**THE DATA:**

=====

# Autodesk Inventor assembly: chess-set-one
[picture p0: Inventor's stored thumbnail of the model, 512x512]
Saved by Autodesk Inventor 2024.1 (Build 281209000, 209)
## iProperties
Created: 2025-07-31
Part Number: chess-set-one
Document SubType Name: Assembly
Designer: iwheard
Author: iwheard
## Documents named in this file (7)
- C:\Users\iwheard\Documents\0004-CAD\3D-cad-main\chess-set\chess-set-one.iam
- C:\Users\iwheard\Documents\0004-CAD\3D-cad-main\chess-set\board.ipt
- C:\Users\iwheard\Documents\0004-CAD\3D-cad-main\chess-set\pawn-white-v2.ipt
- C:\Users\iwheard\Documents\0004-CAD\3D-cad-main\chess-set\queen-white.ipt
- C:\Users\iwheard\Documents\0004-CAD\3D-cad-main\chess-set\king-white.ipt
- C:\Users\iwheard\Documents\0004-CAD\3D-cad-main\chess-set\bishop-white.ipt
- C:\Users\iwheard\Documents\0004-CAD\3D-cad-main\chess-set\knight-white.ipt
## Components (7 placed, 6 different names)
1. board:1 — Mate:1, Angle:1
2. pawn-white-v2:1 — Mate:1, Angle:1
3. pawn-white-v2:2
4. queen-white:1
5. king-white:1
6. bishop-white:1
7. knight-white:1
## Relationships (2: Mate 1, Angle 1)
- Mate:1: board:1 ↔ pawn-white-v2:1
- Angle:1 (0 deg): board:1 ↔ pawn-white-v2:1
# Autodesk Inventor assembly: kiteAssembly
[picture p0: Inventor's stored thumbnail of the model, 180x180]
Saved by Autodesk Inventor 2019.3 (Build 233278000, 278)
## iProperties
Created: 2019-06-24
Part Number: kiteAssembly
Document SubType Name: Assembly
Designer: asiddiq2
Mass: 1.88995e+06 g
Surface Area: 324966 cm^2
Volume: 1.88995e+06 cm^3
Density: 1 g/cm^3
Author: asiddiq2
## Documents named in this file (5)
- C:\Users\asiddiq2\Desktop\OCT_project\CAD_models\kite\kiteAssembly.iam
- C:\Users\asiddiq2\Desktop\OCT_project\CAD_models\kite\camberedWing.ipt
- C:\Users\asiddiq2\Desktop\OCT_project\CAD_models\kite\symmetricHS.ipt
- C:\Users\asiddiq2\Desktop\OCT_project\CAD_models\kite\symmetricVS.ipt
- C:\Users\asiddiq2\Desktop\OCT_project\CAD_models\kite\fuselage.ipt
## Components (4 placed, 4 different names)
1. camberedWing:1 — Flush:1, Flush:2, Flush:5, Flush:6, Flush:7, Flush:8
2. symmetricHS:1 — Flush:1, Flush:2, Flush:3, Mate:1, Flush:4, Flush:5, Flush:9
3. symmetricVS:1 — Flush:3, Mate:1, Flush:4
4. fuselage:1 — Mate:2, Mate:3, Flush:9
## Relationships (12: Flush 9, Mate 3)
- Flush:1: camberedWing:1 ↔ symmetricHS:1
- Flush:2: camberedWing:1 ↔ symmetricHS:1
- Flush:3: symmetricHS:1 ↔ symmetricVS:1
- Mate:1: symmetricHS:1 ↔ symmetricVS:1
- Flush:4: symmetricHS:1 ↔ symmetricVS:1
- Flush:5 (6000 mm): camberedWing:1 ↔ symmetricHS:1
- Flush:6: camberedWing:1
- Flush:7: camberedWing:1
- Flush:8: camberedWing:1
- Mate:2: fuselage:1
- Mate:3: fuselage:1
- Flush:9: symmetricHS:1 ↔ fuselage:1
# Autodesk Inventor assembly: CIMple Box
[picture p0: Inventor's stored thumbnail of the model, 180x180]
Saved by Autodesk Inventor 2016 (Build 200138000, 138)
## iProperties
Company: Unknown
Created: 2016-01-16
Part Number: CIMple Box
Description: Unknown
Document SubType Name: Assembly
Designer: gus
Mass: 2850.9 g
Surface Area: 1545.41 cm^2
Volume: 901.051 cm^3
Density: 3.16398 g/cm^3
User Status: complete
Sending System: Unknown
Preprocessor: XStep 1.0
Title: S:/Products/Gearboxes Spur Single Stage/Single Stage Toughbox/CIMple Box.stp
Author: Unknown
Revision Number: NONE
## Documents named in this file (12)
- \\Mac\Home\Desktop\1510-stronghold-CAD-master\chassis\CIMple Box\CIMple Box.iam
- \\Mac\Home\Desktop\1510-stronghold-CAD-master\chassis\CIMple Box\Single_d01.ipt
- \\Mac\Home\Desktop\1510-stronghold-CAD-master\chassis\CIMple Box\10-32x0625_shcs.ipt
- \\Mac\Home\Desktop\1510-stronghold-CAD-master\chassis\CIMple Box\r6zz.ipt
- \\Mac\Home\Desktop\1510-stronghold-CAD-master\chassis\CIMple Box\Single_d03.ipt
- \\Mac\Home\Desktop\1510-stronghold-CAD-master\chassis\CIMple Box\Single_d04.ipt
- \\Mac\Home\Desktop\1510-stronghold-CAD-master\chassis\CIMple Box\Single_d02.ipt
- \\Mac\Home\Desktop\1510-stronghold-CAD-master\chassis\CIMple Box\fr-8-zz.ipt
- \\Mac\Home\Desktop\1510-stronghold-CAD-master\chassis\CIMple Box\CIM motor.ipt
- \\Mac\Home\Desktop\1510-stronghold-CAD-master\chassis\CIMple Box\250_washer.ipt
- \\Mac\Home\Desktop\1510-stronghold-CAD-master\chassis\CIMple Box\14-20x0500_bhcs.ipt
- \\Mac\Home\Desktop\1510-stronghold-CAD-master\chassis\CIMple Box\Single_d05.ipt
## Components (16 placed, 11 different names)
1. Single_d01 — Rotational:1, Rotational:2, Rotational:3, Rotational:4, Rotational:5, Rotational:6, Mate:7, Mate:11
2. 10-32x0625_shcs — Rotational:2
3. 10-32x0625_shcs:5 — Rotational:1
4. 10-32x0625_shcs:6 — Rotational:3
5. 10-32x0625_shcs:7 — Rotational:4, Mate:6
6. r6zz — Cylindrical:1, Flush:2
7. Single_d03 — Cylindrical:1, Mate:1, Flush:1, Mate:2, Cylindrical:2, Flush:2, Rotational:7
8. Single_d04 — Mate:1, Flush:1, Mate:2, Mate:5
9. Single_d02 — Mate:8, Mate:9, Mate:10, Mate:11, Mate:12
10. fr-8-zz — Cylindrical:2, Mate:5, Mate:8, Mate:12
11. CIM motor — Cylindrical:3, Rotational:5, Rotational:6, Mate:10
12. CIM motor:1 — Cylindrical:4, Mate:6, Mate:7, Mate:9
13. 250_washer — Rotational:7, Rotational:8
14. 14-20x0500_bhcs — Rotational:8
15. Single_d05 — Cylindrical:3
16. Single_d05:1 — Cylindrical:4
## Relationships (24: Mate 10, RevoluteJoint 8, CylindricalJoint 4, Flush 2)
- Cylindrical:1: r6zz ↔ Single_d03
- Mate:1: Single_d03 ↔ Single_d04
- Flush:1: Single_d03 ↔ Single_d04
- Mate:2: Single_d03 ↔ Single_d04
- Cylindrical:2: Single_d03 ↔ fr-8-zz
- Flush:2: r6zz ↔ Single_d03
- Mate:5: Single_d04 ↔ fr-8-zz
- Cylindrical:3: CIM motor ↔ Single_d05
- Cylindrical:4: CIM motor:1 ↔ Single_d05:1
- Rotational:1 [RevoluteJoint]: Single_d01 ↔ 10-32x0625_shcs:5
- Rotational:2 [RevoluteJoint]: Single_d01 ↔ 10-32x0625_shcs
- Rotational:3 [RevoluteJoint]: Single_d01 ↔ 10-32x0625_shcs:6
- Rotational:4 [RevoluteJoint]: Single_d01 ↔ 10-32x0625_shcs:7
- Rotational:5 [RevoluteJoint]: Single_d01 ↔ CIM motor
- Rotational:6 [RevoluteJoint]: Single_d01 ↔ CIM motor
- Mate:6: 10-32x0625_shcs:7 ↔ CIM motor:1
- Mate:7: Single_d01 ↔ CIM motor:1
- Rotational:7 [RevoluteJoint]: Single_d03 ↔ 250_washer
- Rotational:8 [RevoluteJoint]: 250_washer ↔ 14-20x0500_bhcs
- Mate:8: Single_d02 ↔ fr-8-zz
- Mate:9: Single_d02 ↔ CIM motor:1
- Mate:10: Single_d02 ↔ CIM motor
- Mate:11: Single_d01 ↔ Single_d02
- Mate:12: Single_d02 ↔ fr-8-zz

=====

**TRY IT:** In the listing above, find the line with "## Components (16 placed, 11 different names)" and the line with "7. Single_d03 —"; output exactly those lines and all lines between them.

**RESULT FOR THIS EXERCISE:**
## Components (16 placed, 11 different names)
1. Single_d01 — Rotational:1, Rotational:2, Rotational:3, Rotational:4, Rotational:5, Rotational:6, Mate:7, Mate:11
2. 10-32x0625_shcs — Rotational:2
3. 10-32x0625_shcs:5 — Rotational:1
4. 10-32x0625_shcs:6 — Rotational:3
5. 10-32x0625_shcs:7 — Rotational:4, Mate:6
6. r6zz — Cylindrical:1, Flush:2
7. Single_d03 — Cylindrical:1, Mate:1, Flush:1, Mate:2, Cylindrical:2, Flush:2, Rotational:7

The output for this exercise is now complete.